[Stored data entries]
BEGIN

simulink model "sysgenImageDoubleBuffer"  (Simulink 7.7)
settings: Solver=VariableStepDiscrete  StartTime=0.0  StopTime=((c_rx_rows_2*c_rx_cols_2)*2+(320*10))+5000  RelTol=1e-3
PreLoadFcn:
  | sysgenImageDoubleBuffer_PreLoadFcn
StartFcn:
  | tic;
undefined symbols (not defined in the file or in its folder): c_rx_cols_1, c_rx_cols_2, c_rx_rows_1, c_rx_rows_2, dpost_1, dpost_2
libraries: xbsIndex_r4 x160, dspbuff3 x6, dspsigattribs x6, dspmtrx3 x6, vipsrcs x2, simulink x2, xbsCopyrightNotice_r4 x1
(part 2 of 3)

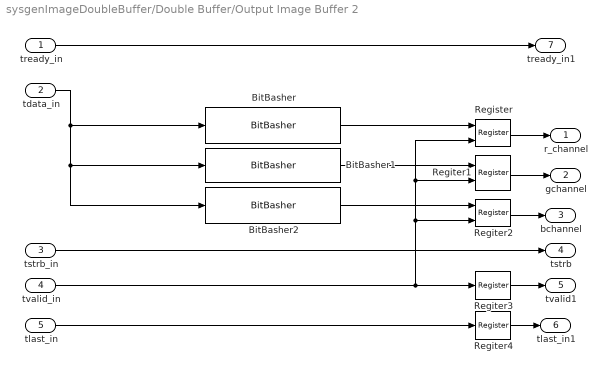
== system sysgenImageDoubleBuffer/Double Buffer/Output Image Buffer 2 ==
  tready_in : Inport
  tdata_in : Inport  Port=2
  tstrb_in : Inport  Port=3
  tvalid_in : Inport  Port=4
  tlast_in : Inport  Port=5
  BitBasher : xbsIndex_r4/BitBasher  bitexpr=|  display_expr=off  sr_1=1  arith_type1=Unsigned  bin_pt1=0  sr_2=2  arith_type2=Unsigned  bin_pt2=0  sr_3=3  arith_type3=Unsigned  bin_pt3=0  sr_4=4  arith_type4=Unsigned  bin_pt4=0  dbl_ovrd=off  block_type=bitbasher
      | <!DOCTYPE HTML PUBLIC "-//W3C//DTD HTML 4.0//EN" "http://www.w3.org/TR/REC-html40/strict.dtd">
      | <html><head><meta name="qrichtext" content="1" /><style type="text/css">
      | p, li { white-space: pre-wrap; }
      | </style></head><body style=" font-family:'MS Shell Dlg 2'; font-size:7.8pt; font-weight:400; font-style:normal;">
      | <p style=" margin-top:12px; margin-bottom:12px; margin-left:0px; margin-right:0px; -qt-block-indent:0; text-indent:0px;"><span style=" font-family:'MS Shell Dlg'; font-size:8pt;">r_channel={mem[23:16]}</span></p></body></html>
      settings: block_version=12.3
  BitBasher1 : xbsIndex_r4/BitBasher  bitexpr=|  display_expr=off  sr_1=1  arith_type1=Unsigned  bin_pt1=0  sr_2=2  arith_type2=Unsigned  bin_pt2=0  sr_3=3  arith_type3=Unsigned  bin_pt3=0  sr_4=4  arith_type4=Unsigned  bin_pt4=0  dbl_ovrd=off  block_type=bitbasher
      | <!DOCTYPE HTML PUBLIC "-//W3C//DTD HTML 4.0//EN" "http://www.w3.org/TR/REC-html40/strict.dtd">
      | <html><head><meta name="qrichtext" content="1" /><style type="text/css">
      | p, li { white-space: pre-wrap; }
      | </style></head><body style=" font-family:'MS Shell Dlg 2'; font-size:7.8pt; font-weight:400; font-style:normal;">
      | <p style=" margin-top:12px; margin-bottom:12px; margin-left:0px; margin-right:0px; -qt-block-indent:0; text-indent:0px;"><span style=" font-family:'MS Shell Dlg'; font-size:8pt;">g_channel={mem[15:8]}</span></p></body></html>
      settings: block_version=12.3
  BitBasher2 : xbsIndex_r4/BitBasher  bitexpr=|  display_expr=off  sr_1=1  arith_type1=Unsigned  bin_pt1=0  sr_2=2  arith_type2=Unsigned  bin_pt2=0  sr_3=3  arith_type3=Unsigned  bin_pt3=0  sr_4=4  arith_type4=Unsigned  bin_pt4=0  dbl_ovrd=off  block_type=bitbasher
      | <!DOCTYPE HTML PUBLIC "-//W3C//DTD HTML 4.0//EN" "http://www.w3.org/TR/REC-html40/strict.dtd">
      | <html><head><meta name="qrichtext" content="1" /><style type="text/css">
      | p, li { white-space: pre-wrap; }
      | </style></head><body style=" font-family:'MS Shell Dlg 2'; font-size:7.8pt; font-weight:400; font-style:normal;">
      | <p style=" margin-top:12px; margin-bottom:12px; margin-left:0px; margin-right:0px; -qt-block-indent:0; text-indent:0px;"><span style=" font-family:'MS Shell Dlg'; font-size:8pt;">b_channel={mem[7:0]}</span></p></body></html>
      settings: block_version=12.3
  Register : xbsIndex_r4/Register  init=0  rst=off  en=on  dbl_ovrd=off  block_type=register
      settings: block_version=12.3
  Regiter1 : xbsIndex_r4/Register  init=0  rst=off  en=on  dbl_ovrd=off  block_type=register
      settings: block_version=12.3
  Regiter2 : xbsIndex_r4/Register  init=0  rst=off  en=on  dbl_ovrd=off  block_type=register
      settings: block_version=12.3
  Regiter3 : xbsIndex_r4/Register  init=0  rst=off  en=off  dbl_ovrd=off  block_type=register
      settings: block_version=12.3
  Regiter4 : xbsIndex_r4/Register  init=0  rst=off  en=off  dbl_ovrd=off  block_type=register
      settings: block_version=12.3
  r_channel : Outport
  gchannel : Outport  Port=2
  bchannel : Outport  Port=3
  tstrb : Outport  Port=4
  tvalid1 : Outport  Port=5
  tlast_in1 : Outport  Port=6
  tready_in1 : Outport  Port=7
  wires:
  tready_in/1 -> tready_in1/1
  tvalid_in/1 -> Regiter2/2, Regiter1/2, Register/2, Regiter3/1
  tdata_in/1 -> BitBasher/1, BitBasher1/1, BitBasher2/1
  BitBasher/1 -> Register/1
  BitBasher1/1 -> Regiter1/1
  BitBasher2/1 -> Regiter2/1
  Register/1 -> r_channel/1
  Regiter1/1 -> gchannel/1
  Regiter2/1 -> bchannel/1
  Regiter3/1 -> tvalid1/1
  tlast_in/1 -> Regiter4/1
  Regiter4/1 -> tlast_in1/1
  tstrb_in/1 -> tstrb/1

== system sysgenImageDoubleBuffer/Image_Source_1/Image_source_1 ==
  valid_push : Inport
  valid_pop : Inport  Port=2
  B_Queue : dspbuff3/Queue  depth=9999999  trigger=Non-zero sample  overflow=Dynamic reallocation  pes=Warning  eso=off  fso=off  nso=off  clr=off  clrOutport=off  adf=on
  G_Queue : dspbuff3/Queue  depth=9999999  trigger=Non-zero sample  overflow=Dynamic reallocation  pes=Warning  eso=off  fso=off  nso=off  clr=off  clrOutport=off  adf=on
  R_Queue : dspbuff3/Queue  depth=9999999  trigger=Non-zero sample  overflow=Dynamic reallocation  pes=Warning  eso=off  fso=off  nso=off  clr=off  clrOutport=off  adf=on
  Subsystem1 : Subsystem
  r_channel : Outport
  g_channel : Outport  Port=2
  b_channel : Outport  Port=3
  wires:
  Subsystem1/1(r_channel) -> R_Queue/1
  Subsystem1/2(g_channel) -> G_Queue/1
  Subsystem1/3(b_channel) -> B_Queue/1
  R_Queue/1 -> r_channel/1
  G_Queue/1 -> g_channel/1
  B_Queue/1 -> b_channel/1
  valid_push/1 -> R_Queue/2, G_Queue/2, B_Queue/2
  valid_pop/1 -> R_Queue/3, G_Queue/3, B_Queue/3

== system sysgenImageDoubleBuffer/Image_Source_1/Subsystem1 ==
  ready : Inport
  aresetn : Inport  Port=2
  Data Type Conversion : DataTypeConversion
  Logical Operator : Logic  IconShape=distinctive  AllPortsSameDT=off
  Logical Operator1 : Logic  Operator=NOT  AllPortsSameDT=off  OutDataTypeStr=boolean
  Logical Operator2 : Logic  IconShape=distinctive  AllPortsSameDT=off
  image frame valid : Subsystem
  valid_push : Outport
  valid_pop : Outport  Port=2
  transmit_image_1 : Outport  Port=3
  wires:
  ready/1 -> Logical Operator/1
  Logical Operator/1 -> Data Type Conversion/1
  Logical Operator2/1 -> Logical Operator/2, Logical Operator1/1
  Logical Operator1/1 -> transmit_image_1/1
  Data Type Conversion/1 -> valid_pop/1
  image frame valid/1(Out1) -> Logical Operator2/1, valid_push/1
  aresetn/1 -> Logical Operator2/2

== system sysgenImageDoubleBuffer/image_Source_2/Subsystem ==
  ready : Inport
  aresetn : Inport  Port=2
  Data Type Conversion : DataTypeConversion
  Logical Operator : Logic  IconShape=distinctive  AllPortsSameDT=off
  Logical Operator1 : Logic  Operator=NOT  AllPortsSameDT=off  OutDataTypeStr=boolean
  Logical Operator2 : Logic  IconShape=distinctive  AllPortsSameDT=off
  image frame valid : Subsystem
  valid_push : Outport
  valid_pop : Outport  Port=2
  transmit_image_2 : Outport  Port=3
  wires:
  ready/1 -> Logical Operator/1
  Logical Operator/1 -> Data Type Conversion/1
  Logical Operator2/1 -> Logical Operator/2, Logical Operator1/1
  Logical Operator1/1 -> transmit_image_2/1
  Data Type Conversion/1 -> valid_pop/1
  aresetn/1 -> Logical Operator2/2
  image frame valid/1(Out1) -> Logical Operator2/1, valid_push/1

== system sysgenImageDoubleBuffer/image_Source_2/image_source_2 ==
  valid_push : Inport
  valid_pop : Inport  Port=2
  B_Queue : dspbuff3/Queue  depth=9999999  trigger=Non-zero sample  overflow=Dynamic reallocation  pes=Warning  eso=off  fso=off  nso=off  clr=off  clrOutport=off  adf=on
  G_Queue : dspbuff3/Queue  depth=9999999  trigger=Non-zero sample  overflow=Dynamic reallocation  pes=Warning  eso=off  fso=off  nso=off  clr=off  clrOutport=off  adf=on
  R_Queue : dspbuff3/Queue  depth=9999999  trigger=Non-zero sample  overflow=Dynamic reallocation  pes=Warning  eso=off  fso=off  nso=off  clr=off  clrOutport=off  adf=on
  Subsystem3 : Subsystem
  r_channel : Outport
  g_channel : Outport  Port=2
  b_channel : Outport  Port=3
  wires:
  Subsystem3/1(r_channel) -> R_Queue/1
  Subsystem3/2(g_channel) -> G_Queue/1
  Subsystem3/3(b_channel) -> B_Queue/1
  R_Queue/1 -> r_channel/1
  valid_push/1 -> R_Queue/2, G_Queue/2, B_Queue/2
  valid_pop/1 -> R_Queue/3, G_Queue/3, B_Queue/3
  G_Queue/1 -> g_channel/1
  B_Queue/1 -> b_channel/1

== system sysgenImageDoubleBuffer/Double Buffer/Double Buffer/Block Descriptor Generator ==
  note: This subsystem is composed of two units :
      | xldScatterGatherEngineLineTransfer : This unit interfaces with the Master AXI Read Channel
      | hence it provides a Slave AXI Read Channel. It provides data transfer commands in the form
      | of Block Descriptors to enable line transfers of the input image.
      | xldScatterGatherEngineBlockTransfer : This unit interfaces with the Master AXI Read Channel
      | hence it provides a Slave AXI Read Channel. It provides data transfer commands in the form
      | of Block Descriptors to enable Tile transfers of the input image.
  axi_read_channel_in : Inport
  image1_switch_to_transmit : Inport  Port=2
  Bus Creator3 : BusCreator  Inputs=5
  Constant : xbsIndex_r4/Constant  const=tx_rows_1  gui_display_data_type=Fixed-point  arith_type=Unsigned  n_bits=16  bin_pt=0  preci_type=Single  exp_width=8  frac_width=24  explicit_period=off  period=1  equ=P=C  opselect=C  inp2=PCIN>>17  opr=+  inp1=P  carry=CIN  dbl_ovrd=off  block_type=constant
      settings: block_version=12.3
  Constant2 : xbsIndex_r4/Constant  const=tx_cols_1  gui_display_data_type=Fixed-point  arith_type=Unsigned  n_bits=16  bin_pt=0  preci_type=Single  exp_width=8  frac_width=24  explicit_period=off  period=1  equ=P=C  opselect=C  inp2=PCIN>>17  opr=+  inp1=P  carry=CIN  dbl_ovrd=off  block_type=constant
      settings: block_version=12.3
  Demux2 : Demux  Outputs=8  BusSelectionMode=on
  Expression1 : xbsIndex_r4/Expression  expression=~a  align_bp=on  en=off  latency=0  precision=Full  arith_type=Unsigned  n_bits=16  bin_pt=0  dbl_ovrd=off  block_type=expr
      settings: block_version=13.4
  Receiver Block Descriptor Generator : xbsIndex_r4/MCode  mfname=xldScatterGatherEngineLineTransfer_1  explicit_period=on  period=1  inputsTable={'boundInpExpr'=>['','','','','','','','','rx_rows_1','rx_cols_1'],'inputs'=>['araddr','arlen','arsize','arburst','arprot','arcache','arvalid','rready','rx_rows','rx_cols']}  outputsTable={'outputs'=>['arready','rvalid','rlast','rdata','rresp'],'suppressOut'=>['off','off','off','off','off']}  dbl_ovrd=off  enable_stdout=off  enable_debug=off  suppress_output=on  defparams={'rx_rows',rx_rows_1,'rx_cols',rx_cols_1}  hide_port_list={}  block_type=mcode
      settings: block_version=12.3
  Subsystem : Subsystem
  Subsystem1 : Subsystem
  Subsystem4 : Subsystem
  Transmitter Block Descriptor Generator1 : xbsIndex_r4/MCode  mfname=xldScatterGatherEngineBlockTransfer_1  explicit_period=on  period=1  inputsTable={'boundInpExpr'=>['','','','','','','','','tx_rows_1','tx_cols_1'],'inputs'=>['araddr','arlen','arsize','arburst','arprot','arcache','arvalid','rready','tx_rows','tx_cols']}  outputsTable={'outputs'=>['arready','rvalid','rlast','rdata','rresp'],'suppressOut'=>['off','off','off','off','off']}  dbl_ovrd=off  enable_stdout=off  enable_debug=off  suppress_output=on  defparams={'tx_rows',tx_rows_1,'tx_cols',tx_cols_1}  hide_port_list={}  block_type=mcode
      settings: block_version=12.3
  axi_read_channel_out : Outport
  tx_rows_1 : Outport  Port=2
  tx_cols_1 : Outport  Port=3
  wires:
  image1_switch_to_transmit/1 -> Subsystem/1(gate), Subsystem1/1(gate), Expression1/1
  Subsystem/1(araddr) -> Receiver Block Descriptor Generator/1
  Subsystem/2(arlen) -> Receiver Block Descriptor Generator/2
  Subsystem/3(arsize) -> Receiver Block Descriptor Generator/3
  Subsystem/4(arburst) -> Receiver Block Descriptor Generator/4
  Subsystem/5(arprot) -> Receiver Block Descriptor Generator/5
  Subsystem/6(arcache) -> Receiver Block Descriptor Generator/6
  Subsystem/7(arvalid) -> Receiver Block Descriptor Generator/7
  Subsystem/8(rready) -> Receiver Block Descriptor Generator/8
  Demux2/1 -> Subsystem/2(araddr_in), Subsystem4/2(araddr_in)
  Demux2/2 -> Subsystem/3(arlen_in), Subsystem4/3(arlen_in)
  Demux2/3 -> Subsystem/4(arsize_in), Subsystem4/4(arsize_in)
  Demux2/4 -> Subsystem/5(arburst_in), Subsystem4/5(arburst_in)
  Demux2/5 -> Subsystem/6(arprot_in), Subsystem4/6(arprot_in)
  Demux2/6 -> Subsystem/7(arcache_in), Subsystem4/7(arcache_in)
  Demux2/7 -> Subsystem/8(arvalid_in), Subsystem4/8(arvalid_in)
  Demux2/8 -> Subsystem/9(rready_in), Subsystem4/9(rready_in)
  Subsystem4/1(araddr) -> Transmitter Block Descriptor Generator1/1
  Subsystem4/2(arlen) -> Transmitter Block Descriptor Generator1/2
  Subsystem4/3(arsize) -> Transmitter Block Descriptor Generator1/3
  Subsystem4/4(arburst) -> Transmitter Block Descriptor Generator1/4
  Subsystem4/5(arprot) -> Transmitter Block Descriptor Generator1/5
  Subsystem4/6(arcache) -> Transmitter Block Descriptor Generator1/6
  Subsystem4/7(arvalid) -> Transmitter Block Descriptor Generator1/7
  Subsystem4/8(rready) -> Transmitter Block Descriptor Generator1/8
  Receiver Block Descriptor Generator/1 -> Subsystem1/2(arready_1)
  Transmitter Block Descriptor Generator1/1 -> Subsystem1/7(arready_2)
  Receiver Block Descriptor Generator/2 -> Subsystem1/3(rvalid_1)
  Transmitter Block Descriptor Generator1/2 -> Subsystem1/8(rvalid_2)
  Receiver Block Descriptor Generator/3 -> Subsystem1/4(rlast_1)
  Transmitter Block Descriptor Generator1/3 -> Subsystem1/9(rlast_2)
  Receiver Block Descriptor Generator/4 -> Subsystem1/5(rdata_1)
  Transmitter Block Descriptor Generator1/4 -> Subsystem1/10(rdata_2)
  Transmitter Block Descriptor Generator1/5 -> Subsystem1/11(rresp_2)
  Receiver Block Descriptor Generator/5 -> Subsystem1/6(rresp_1)
  Subsystem1/1(arready) -> Bus Creator3/1
  Subsystem1/2(rvalid) -> Bus Creator3/2
  Subsystem1/3(rlast) -> Bus Creator3/3
  Subsystem1/4(rdata) -> Bus Creator3/4
  Subsystem1/5(rresp) -> Bus Creator3/5
  Bus Creator3/1 -> axi_read_channel_out/1
  axi_read_channel_in/1 -> Demux2/1
  Expression1/1 -> Subsystem4/1(gate)
  Constant/1 -> tx_rows_1/1
  Constant2/1 -> tx_cols_1/1

== system sysgenImageDoubleBuffer/Double Buffer/Double Buffer/Block Descriptor Generator1 ==
  note: This subsystem is composed of two units :
      | xldScatterGatherEngineLineTransfer : This unit interfaces with the Master AXI Read Channel
      | hence it provides a Slave AXI Read Channel. It provides data transfer commands in the form
      | of Block Descriptors to enable line transfers of the input image.
      | xldScatterGatherEngineBlockTransfer : This unit interfaces with the Master AXI Read Channel
      | hence it provides a Slave AXI Read Channel. It provides data transfer commands in the form
      | of Block Descriptors to enable Tile transfers of the input image.
  axi_read_channel_in : Inport
  image2_switch_to_transmit : Inport  Port=2
  Bus Creator3 : BusCreator  Inputs=5
  Constant3 : xbsIndex_r4/Constant  const=tx_rows_2  gui_display_data_type=Fixed-point  arith_type=Unsigned  n_bits=16  bin_pt=0  preci_type=Single  exp_width=8  frac_width=24  explicit_period=off  period=1  equ=P=C  opselect=C  inp2=PCIN>>17  opr=+  inp1=P  carry=CIN  dbl_ovrd=off  block_type=constant
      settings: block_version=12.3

END

Which lines above contain "defparams"? Show each of them.

  Receiver Block Descriptor Generator : xbsIndex_r4/MCode  mfname=xldScatterGatherEngineLineTransfer_1  explicit_period=on  period=1  inputsTable={'boundInpExpr'=>['','','','','','','','','rx_rows_1','rx_cols_1'],'inputs'=>['araddr','arlen','arsize','arburst','arprot','arcache','arvalid','rready','rx_rows','rx_cols']}  outputsTable={'outputs'=>['arready','rvalid','rlast','rdata','rresp'],'suppressOut'=>['off','off','off','off','off']}  dbl_ovrd=off  enable_stdout=off  enable_debug=off  suppress_output=on  defparams={'rx_rows',rx_rows_1,'rx_cols',rx_cols_1}  hide_port_list={}  block_type=mcode
  Transmitter Block Descriptor Generator1 : xbsIndex_r4/MCode  mfname=xldScatterGatherEngineBlockTransfer_1  explicit_period=on  period=1  inputsTable={'boundInpExpr'=>['','','','','','','','','tx_rows_1','tx_cols_1'],'inputs'=>['araddr','arlen','arsize','arburst','arprot','arcache','arvalid','rready','tx_rows','tx_cols']}  outputsTable={'outputs'=>['arready','rvalid','rlast','rdata','rresp'],'suppressOut'=>['off','off','off','off','off']}  dbl_ovrd=off  enable_stdout=off  enable_debug=off  suppress_output=on  defparams={'tx_rows',tx_rows_1,'tx_cols',tx_cols_1}  hide_port_list={}  block_type=mcode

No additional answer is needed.